▶ PROMPT
List every line below containing "constraints".

(Extracted records)

__________

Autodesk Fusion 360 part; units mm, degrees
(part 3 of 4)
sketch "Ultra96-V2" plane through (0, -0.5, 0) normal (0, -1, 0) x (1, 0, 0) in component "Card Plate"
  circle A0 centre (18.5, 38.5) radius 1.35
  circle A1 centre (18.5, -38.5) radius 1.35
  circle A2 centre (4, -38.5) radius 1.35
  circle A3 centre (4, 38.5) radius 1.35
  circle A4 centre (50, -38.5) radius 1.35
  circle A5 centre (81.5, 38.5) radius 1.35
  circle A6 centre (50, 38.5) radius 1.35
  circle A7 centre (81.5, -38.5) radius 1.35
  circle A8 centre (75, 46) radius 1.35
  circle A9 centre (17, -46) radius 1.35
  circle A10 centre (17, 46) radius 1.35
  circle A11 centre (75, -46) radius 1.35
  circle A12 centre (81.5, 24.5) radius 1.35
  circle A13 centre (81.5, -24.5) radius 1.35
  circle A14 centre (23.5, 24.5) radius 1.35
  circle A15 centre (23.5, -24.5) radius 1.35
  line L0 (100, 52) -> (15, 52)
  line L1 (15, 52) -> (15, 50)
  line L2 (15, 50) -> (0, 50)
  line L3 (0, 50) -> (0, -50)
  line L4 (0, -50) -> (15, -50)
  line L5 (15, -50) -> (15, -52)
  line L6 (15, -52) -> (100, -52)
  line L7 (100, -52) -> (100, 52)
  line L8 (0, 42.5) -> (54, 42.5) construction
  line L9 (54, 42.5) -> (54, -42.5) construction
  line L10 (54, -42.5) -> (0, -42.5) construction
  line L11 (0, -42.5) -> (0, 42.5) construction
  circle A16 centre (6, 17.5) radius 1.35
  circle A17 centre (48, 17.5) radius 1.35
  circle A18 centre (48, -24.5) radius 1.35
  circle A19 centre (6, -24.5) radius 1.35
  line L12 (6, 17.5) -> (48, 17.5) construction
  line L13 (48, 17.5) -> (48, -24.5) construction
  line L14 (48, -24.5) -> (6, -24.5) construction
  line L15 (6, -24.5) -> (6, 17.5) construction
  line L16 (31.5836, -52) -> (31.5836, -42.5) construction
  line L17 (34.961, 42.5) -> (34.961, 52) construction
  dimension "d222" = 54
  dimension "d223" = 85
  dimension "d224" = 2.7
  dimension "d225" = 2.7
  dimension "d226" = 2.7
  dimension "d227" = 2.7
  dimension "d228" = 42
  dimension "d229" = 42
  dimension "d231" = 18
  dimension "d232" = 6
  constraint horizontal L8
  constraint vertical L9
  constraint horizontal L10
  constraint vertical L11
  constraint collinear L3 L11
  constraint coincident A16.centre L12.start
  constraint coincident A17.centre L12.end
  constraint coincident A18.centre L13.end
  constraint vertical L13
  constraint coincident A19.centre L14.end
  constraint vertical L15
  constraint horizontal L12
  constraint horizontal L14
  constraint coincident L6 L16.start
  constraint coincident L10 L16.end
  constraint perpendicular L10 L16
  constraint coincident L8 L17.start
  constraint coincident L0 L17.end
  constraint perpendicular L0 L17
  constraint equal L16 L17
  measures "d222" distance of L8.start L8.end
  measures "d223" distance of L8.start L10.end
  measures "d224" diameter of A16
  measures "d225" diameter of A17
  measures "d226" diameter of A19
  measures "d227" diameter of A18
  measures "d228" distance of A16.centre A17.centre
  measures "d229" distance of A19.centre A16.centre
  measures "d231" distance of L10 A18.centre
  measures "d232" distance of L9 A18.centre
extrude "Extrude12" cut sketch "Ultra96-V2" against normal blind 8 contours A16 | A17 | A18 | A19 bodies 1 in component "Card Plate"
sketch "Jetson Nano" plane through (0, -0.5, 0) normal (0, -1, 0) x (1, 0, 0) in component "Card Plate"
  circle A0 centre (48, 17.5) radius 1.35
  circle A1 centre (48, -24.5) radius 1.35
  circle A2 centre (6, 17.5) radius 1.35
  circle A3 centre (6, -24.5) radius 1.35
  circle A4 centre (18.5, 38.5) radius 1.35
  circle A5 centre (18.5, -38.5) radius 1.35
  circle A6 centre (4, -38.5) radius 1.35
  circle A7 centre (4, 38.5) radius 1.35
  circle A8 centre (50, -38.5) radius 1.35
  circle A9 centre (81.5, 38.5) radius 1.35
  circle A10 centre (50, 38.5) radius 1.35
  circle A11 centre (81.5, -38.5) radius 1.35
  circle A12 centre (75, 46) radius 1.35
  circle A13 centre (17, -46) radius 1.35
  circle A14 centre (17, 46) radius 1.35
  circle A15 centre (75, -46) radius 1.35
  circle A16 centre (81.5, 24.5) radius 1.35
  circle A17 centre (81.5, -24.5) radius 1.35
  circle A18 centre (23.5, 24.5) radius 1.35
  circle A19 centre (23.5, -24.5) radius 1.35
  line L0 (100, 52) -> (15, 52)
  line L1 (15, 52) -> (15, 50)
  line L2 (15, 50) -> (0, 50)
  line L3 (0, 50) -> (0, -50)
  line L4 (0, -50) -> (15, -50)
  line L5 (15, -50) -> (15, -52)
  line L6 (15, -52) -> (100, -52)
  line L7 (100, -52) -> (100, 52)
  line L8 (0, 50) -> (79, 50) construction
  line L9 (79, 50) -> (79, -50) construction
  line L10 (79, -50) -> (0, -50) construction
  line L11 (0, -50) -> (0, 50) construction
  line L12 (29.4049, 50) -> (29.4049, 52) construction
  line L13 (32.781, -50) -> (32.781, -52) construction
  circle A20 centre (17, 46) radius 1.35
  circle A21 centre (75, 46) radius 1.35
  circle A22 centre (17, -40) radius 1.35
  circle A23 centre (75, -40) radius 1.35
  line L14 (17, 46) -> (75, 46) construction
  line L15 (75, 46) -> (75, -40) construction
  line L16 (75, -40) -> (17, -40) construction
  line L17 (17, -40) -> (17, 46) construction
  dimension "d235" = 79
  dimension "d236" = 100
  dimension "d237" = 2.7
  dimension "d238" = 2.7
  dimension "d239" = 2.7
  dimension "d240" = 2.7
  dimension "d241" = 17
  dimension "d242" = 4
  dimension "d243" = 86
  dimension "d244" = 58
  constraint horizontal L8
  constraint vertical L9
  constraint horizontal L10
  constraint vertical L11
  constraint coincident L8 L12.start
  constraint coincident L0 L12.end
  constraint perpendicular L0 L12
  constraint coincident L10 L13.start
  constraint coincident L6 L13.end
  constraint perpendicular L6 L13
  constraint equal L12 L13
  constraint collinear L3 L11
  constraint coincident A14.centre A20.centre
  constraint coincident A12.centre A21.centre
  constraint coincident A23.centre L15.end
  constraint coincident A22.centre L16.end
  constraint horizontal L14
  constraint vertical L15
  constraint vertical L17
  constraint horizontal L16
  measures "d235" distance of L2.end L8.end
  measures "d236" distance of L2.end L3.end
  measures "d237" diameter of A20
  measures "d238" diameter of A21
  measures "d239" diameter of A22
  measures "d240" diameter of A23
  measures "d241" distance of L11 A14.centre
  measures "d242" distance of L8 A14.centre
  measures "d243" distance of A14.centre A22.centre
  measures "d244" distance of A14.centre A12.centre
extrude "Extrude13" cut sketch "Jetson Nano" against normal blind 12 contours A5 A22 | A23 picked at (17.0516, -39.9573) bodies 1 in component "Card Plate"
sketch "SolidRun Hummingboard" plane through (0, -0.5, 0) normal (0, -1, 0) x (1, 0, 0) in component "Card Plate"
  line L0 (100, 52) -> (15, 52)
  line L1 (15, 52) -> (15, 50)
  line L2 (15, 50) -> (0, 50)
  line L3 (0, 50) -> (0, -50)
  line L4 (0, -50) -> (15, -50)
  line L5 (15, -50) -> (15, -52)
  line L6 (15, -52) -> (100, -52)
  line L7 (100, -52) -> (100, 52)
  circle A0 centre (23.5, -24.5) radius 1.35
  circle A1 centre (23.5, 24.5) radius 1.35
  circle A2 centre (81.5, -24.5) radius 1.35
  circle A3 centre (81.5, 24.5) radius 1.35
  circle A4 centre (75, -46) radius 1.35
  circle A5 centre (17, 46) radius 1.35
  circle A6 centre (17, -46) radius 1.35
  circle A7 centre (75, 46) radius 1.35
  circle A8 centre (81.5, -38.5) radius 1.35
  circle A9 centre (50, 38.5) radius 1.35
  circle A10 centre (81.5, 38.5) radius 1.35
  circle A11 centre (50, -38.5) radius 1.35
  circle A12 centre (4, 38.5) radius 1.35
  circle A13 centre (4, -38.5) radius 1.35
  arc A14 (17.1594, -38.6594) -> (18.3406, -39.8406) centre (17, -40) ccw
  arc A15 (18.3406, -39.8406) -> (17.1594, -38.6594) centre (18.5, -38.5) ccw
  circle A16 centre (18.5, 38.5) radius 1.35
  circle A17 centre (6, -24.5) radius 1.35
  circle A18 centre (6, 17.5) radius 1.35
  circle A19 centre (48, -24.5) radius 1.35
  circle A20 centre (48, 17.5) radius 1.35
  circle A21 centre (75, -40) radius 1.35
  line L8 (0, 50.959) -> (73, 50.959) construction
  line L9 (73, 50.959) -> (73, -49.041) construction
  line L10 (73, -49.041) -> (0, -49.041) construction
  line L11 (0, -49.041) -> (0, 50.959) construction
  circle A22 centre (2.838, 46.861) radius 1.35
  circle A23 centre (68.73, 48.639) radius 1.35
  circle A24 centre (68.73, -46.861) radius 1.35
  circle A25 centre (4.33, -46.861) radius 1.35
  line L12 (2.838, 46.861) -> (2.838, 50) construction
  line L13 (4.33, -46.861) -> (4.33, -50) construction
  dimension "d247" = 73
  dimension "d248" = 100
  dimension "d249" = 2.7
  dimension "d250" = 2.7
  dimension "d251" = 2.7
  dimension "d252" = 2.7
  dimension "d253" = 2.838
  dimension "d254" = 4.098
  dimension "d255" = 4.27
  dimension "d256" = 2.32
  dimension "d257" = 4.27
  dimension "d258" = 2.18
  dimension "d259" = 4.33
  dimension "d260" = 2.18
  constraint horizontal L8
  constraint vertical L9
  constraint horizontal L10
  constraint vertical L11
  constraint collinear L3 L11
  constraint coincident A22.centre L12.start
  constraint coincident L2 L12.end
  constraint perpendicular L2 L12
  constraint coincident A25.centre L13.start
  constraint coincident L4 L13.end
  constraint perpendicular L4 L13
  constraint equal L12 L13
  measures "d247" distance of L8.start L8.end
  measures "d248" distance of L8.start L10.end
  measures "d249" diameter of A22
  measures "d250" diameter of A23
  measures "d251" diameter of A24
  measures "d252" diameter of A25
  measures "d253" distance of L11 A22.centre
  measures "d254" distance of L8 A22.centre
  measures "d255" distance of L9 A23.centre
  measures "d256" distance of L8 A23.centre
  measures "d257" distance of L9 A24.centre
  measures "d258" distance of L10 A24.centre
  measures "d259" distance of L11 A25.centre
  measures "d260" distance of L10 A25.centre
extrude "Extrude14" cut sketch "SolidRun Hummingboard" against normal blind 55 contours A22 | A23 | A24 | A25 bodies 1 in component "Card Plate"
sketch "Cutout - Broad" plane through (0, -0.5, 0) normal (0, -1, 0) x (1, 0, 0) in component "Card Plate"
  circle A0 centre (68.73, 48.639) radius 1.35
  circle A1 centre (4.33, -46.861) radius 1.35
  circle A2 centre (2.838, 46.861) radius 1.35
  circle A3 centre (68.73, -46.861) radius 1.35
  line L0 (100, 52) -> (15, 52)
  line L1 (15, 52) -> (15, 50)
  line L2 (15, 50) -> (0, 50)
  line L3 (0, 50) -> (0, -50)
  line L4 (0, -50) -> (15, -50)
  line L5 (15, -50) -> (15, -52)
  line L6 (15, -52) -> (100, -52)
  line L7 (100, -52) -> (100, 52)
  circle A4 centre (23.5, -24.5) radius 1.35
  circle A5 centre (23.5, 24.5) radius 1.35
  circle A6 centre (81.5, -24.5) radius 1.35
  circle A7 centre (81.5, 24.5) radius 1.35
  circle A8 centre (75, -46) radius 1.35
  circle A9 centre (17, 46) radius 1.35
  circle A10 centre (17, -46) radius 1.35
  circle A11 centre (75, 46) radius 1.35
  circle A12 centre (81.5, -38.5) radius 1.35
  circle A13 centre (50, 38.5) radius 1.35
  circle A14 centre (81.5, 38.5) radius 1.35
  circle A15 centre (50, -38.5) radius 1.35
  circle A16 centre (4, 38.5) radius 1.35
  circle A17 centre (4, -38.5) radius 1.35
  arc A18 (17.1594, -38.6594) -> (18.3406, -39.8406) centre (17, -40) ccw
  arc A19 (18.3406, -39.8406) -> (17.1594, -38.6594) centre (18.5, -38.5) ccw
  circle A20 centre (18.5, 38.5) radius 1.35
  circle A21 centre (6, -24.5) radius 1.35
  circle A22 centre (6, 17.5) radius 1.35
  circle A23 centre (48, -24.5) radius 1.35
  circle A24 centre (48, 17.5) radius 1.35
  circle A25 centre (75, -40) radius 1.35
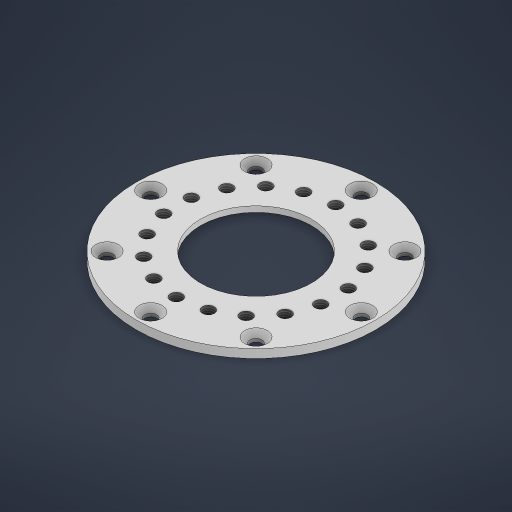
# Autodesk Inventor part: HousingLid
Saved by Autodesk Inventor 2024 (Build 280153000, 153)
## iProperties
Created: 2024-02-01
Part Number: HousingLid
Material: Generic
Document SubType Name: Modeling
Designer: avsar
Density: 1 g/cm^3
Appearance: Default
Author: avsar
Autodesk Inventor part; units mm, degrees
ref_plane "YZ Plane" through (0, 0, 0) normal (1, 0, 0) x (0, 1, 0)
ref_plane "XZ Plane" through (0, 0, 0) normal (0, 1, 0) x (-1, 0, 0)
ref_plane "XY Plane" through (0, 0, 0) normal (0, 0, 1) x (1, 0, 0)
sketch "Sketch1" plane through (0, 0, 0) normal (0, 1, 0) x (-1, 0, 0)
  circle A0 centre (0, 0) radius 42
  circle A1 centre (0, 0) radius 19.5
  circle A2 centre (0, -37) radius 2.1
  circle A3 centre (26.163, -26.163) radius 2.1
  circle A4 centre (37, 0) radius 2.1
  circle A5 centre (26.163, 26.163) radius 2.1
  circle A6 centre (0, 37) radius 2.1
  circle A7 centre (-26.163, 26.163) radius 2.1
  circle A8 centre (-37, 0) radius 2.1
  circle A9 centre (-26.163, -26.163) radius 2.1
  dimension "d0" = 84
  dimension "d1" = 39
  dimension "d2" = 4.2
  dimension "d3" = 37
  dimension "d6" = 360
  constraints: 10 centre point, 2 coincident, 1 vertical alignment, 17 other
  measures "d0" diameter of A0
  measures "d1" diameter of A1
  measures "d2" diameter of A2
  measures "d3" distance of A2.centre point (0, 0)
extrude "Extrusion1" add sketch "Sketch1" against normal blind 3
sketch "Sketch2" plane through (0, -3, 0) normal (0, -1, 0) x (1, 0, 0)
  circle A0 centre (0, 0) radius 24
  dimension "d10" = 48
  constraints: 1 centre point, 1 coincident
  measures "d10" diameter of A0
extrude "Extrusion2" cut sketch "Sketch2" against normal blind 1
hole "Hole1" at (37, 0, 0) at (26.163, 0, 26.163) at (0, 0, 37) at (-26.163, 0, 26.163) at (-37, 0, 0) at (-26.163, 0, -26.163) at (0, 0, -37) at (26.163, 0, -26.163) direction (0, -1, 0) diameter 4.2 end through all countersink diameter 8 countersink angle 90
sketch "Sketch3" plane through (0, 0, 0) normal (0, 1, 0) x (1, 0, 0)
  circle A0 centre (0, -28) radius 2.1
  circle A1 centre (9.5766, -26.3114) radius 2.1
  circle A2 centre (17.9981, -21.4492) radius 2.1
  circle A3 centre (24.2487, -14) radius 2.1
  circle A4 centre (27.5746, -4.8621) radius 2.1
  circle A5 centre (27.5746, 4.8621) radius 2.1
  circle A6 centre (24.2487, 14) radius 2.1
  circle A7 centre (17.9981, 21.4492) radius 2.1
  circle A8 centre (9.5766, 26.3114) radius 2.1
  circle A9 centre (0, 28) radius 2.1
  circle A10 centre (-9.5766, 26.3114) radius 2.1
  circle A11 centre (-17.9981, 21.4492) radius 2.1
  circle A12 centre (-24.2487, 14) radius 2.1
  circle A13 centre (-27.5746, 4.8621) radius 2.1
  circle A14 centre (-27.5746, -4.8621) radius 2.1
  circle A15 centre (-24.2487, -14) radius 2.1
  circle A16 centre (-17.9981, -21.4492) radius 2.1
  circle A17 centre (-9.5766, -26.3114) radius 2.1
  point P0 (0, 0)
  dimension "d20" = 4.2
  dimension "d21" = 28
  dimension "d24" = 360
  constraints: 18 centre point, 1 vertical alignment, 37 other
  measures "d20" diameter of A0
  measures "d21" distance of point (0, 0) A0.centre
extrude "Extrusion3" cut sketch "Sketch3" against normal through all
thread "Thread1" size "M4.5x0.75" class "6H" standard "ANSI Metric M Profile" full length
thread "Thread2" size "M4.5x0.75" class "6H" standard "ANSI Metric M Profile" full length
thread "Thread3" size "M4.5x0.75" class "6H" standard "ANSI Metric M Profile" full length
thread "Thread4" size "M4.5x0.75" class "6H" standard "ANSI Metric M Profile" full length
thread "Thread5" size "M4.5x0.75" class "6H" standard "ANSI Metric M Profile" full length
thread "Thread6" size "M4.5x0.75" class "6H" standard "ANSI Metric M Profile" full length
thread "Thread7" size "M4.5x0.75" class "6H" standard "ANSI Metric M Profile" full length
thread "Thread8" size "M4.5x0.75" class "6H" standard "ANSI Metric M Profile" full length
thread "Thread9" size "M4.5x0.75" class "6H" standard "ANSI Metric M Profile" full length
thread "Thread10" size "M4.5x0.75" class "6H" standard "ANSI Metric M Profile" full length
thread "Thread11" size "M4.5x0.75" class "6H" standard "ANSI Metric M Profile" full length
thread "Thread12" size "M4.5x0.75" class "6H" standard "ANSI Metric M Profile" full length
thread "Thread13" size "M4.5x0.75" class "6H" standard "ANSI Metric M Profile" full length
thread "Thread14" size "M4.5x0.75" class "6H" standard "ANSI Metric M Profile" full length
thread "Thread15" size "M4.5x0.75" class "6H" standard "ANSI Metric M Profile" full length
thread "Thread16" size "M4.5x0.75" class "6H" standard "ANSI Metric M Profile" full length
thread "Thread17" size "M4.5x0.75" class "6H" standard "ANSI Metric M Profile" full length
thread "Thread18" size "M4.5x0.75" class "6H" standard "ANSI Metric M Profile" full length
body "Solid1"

__________

▶ RESPONSE FOR THIS EXERCISE
  constraints: 10 centre point, 2 coincident, 1 vertical alignment, 17 other
  constraints: 1 centre point, 1 coincident
  constraints: 18 centre point, 1 vertical alignment, 37 other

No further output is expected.